Items from a data source
============================================================
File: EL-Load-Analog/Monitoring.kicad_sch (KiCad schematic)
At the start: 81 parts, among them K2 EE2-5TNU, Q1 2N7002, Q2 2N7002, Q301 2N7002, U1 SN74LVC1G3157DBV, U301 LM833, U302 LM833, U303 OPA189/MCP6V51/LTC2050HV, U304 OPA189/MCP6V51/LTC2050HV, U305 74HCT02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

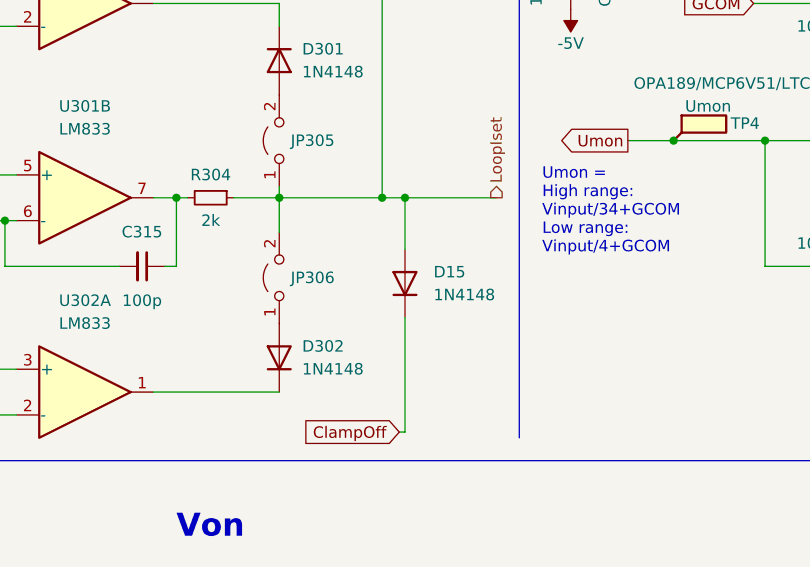
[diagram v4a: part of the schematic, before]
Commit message: Schema changed to 4.1, PCB version E. Modified R44, Remote sense error circtuit had wrong min input.
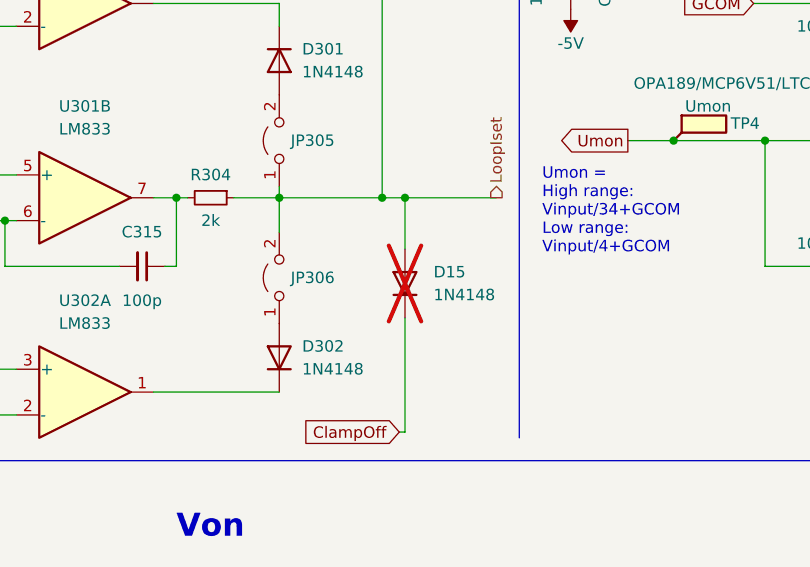
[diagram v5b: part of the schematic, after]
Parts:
- D15: now not fitted; now left out of the parts list
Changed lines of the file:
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@@
   )
   (symbol (lib_id "Diode:1N4148") (at 91.44 65.405 90) (unit 1)
-    (in_bom yes) (on_board yes) (dnp no) (fields_autoplaced)
+    (in_bom no) (on_board yes) (dnp yes) (fields_autoplaced)
     (property "Reference" "D15" (at 94.615 64.135 90)
       (effects (font (size 1.27 1.27)) (justify right))

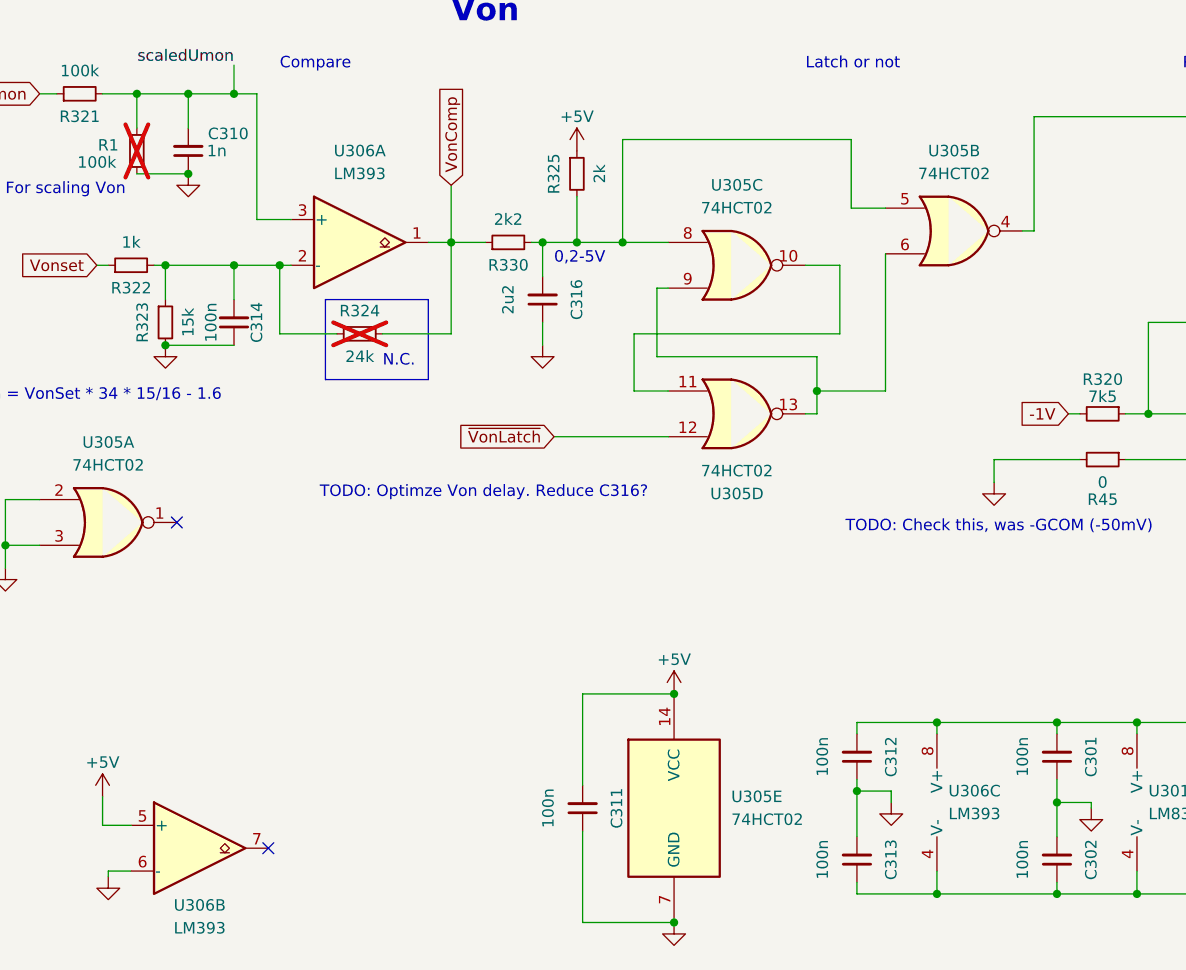
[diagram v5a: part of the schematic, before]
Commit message: Changed comparator to LM393A.
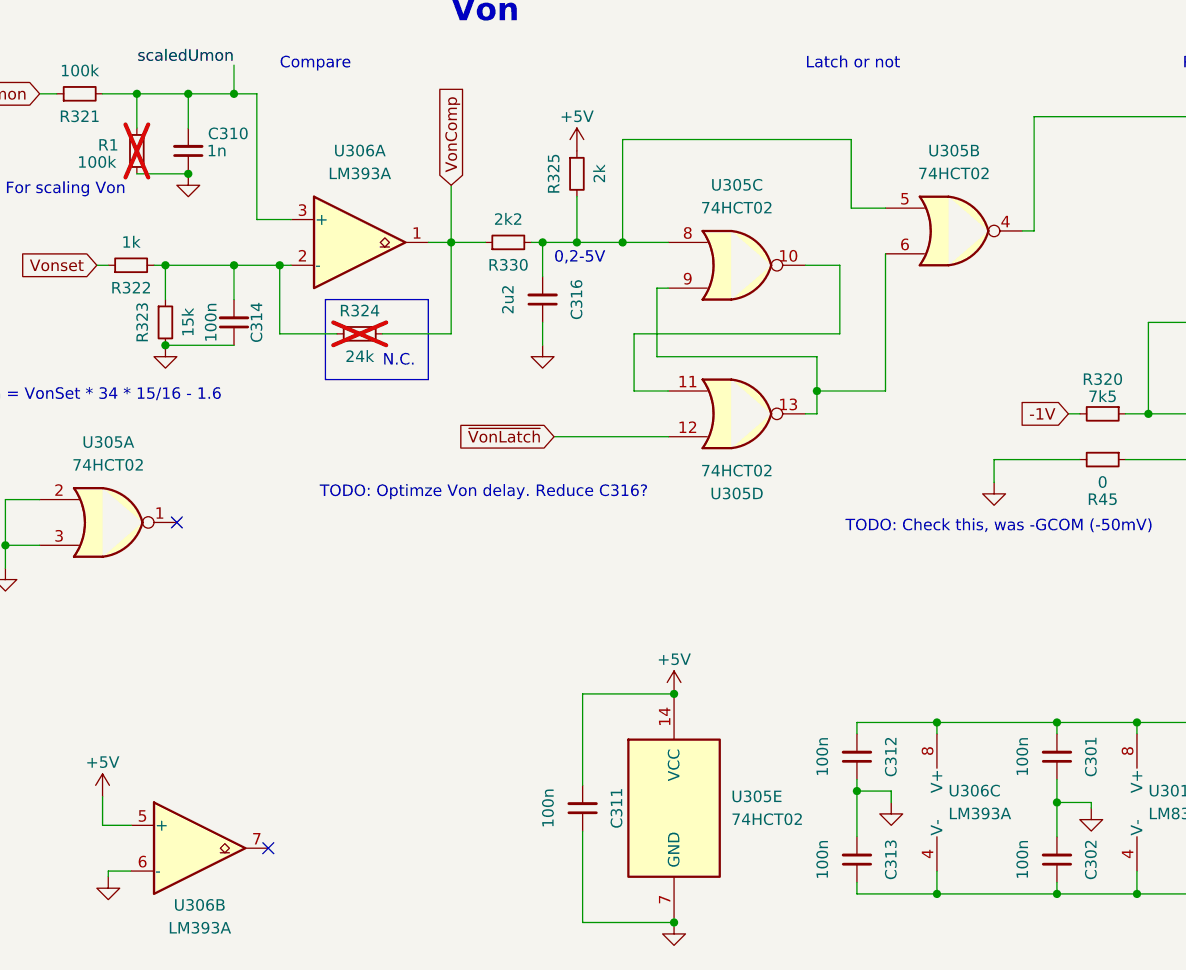
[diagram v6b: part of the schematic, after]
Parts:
- U306: value LM393 -> LM393A; Part Name U_LM393 -> U_LM393A
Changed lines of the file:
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@@
       (effects (font (size 1.27 1.27)))
     )
-    (property "Value" "LM393" (at 55.88 110.49 0)
+    (property "Value" "LM393A" (at 55.88 110.49 0)
       (effects (font (size 1.27 1.27)))
     )
@@
       (effects (font (size 1.27 1.27)) hide)
     )
-    (property "Part Name" "U_LM393 " (at 55.88 118.11 0)
+    (property "Part Name" "U_LM393A" (at 55.88 118.11 0)
       (effects (font (size 1.27 1.27)) hide)
     )
@@
       (effects (font (size 1.27 1.27)))
     )
-    (property "Value" "LM393" (at 38.1 194.31 0)
+    (property "Value" "LM393A" (at 38.1 194.31 0)
       (effects (font (size 1.27 1.27)))
     )
@@
       (effects (font (size 1.27 1.27)) hide)
     )
-    (property "Part Name" "U_LM393 " (at 38.1 185.42 0)
+    (property "Part Name" "U_LM393A" (at 38.1 185.42 0)
       (effects (font (size 1.27 1.27)) hide)
     )
@@
       (effects (font (size 1.27 1.27)) (justify left))
     )
-    (property "Value" "LM393" (at 121.285 181.6099 0)
+    (property "Value" "LM393A" (at 121.285 181.6099 0)
       (effects (font (size 1.27 1.27)) (justify left))
     )
@@
       (effects (font (size 1.27 1.27)) hide)
     )
-    (property "Part Name" "U_LM393 " (at 122.555 180.34 0)
-      (effects (font (size 1.27 1.27)) hide)
-    )
+    (property "Part Name" "U_LM393A" (at 122.555 180.34 0)
+      (effects (font (size 1.27 1.27)) hide)
+    )
============================================================
Type the lines above out again exactly as they appear, skipping every picture.

--- Your solution ---
File: EL-Load-Analog/Monitoring.kicad_sch (KiCad schematic)
At the start: 81 parts, among them K2 EE2-5TNU, Q1 2N7002, Q2 2N7002, Q301 2N7002, U1 SN74LVC1G3157DBV, U301 LM833, U302 LM833, U303 OPA189/MCP6V51/LTC2050HV, U304 OPA189/MCP6V51/LTC2050HV, U305 74HCT02

[diagram v4a: part of the schematic, before]
Commit message: Schema changed to 4.1, PCB version E. Modified R44, Remote sense error circtuit had wrong min input.
[diagram v5b: part of the schematic, after]
Parts:
- D15: now not fitted; now left out of the parts list
Changed lines of the file:
@@
   )
   (symbol (lib_id "Diode:1N4148") (at 91.44 65.405 90) (unit 1)
-    (in_bom yes) (on_board yes) (dnp no) (fields_autoplaced)
+    (in_bom no) (on_board yes) (dnp yes) (fields_autoplaced)
     (property "Reference" "D15" (at 94.615 64.135 90)
       (effects (font (size 1.27 1.27)) (justify right))

[diagram v5a: part of the schematic, before]
Commit message: Changed comparator to LM393A.
[diagram v6b: part of the schematic, after]
Parts:
- U306: value LM393 -> LM393A; Part Name U_LM393 -> U_LM393A
Changed lines of the file:
@@
       (effects (font (size 1.27 1.27)))
     )
-    (property "Value" "LM393" (at 55.88 110.49 0)
+    (property "Value" "LM393A" (at 55.88 110.49 0)
       (effects (font (size 1.27 1.27)))
     )
@@
       (effects (font (size 1.27 1.27)) hide)
     )
-    (property "Part Name" "U_LM393 " (at 55.88 118.11 0)
+    (property "Part Name" "U_LM393A" (at 55.88 118.11 0)
       (effects (font (size 1.27 1.27)) hide)
     )
@@
       (effects (font (size 1.27 1.27)))
     )
-    (property "Value" "LM393" (at 38.1 194.31 0)
+    (property "Value" "LM393A" (at 38.1 194.31 0)
       (effects (font (size 1.27 1.27)))
     )
@@
       (effects (font (size 1.27 1.27)) hide)
     )
-    (property "Part Name" "U_LM393 " (at 38.1 185.42 0)
+    (property "Part Name" "U_LM393A" (at 38.1 185.42 0)
       (effects (font (size 1.27 1.27)) hide)
     )
@@
       (effects (font (size 1.27 1.27)) (justify left))
     )
-    (property "Value" "LM393" (at 121.285 181.6099 0)
+    (property "Value" "LM393A" (at 121.285 181.6099 0)
       (effects (font (size 1.27 1.27)) (justify left))
     )
@@
       (effects (font (size 1.27 1.27)) hide)
     )
-    (property "Part Name" "U_LM393 " (at 122.555 180.34 0)
-      (effects (font (size 1.27 1.27)) hide)
-    )
+    (property "Part Name" "U_LM393A" (at 122.555 180.34 0)
+      (effects (font (size 1.27 1.27)) hide)
+    )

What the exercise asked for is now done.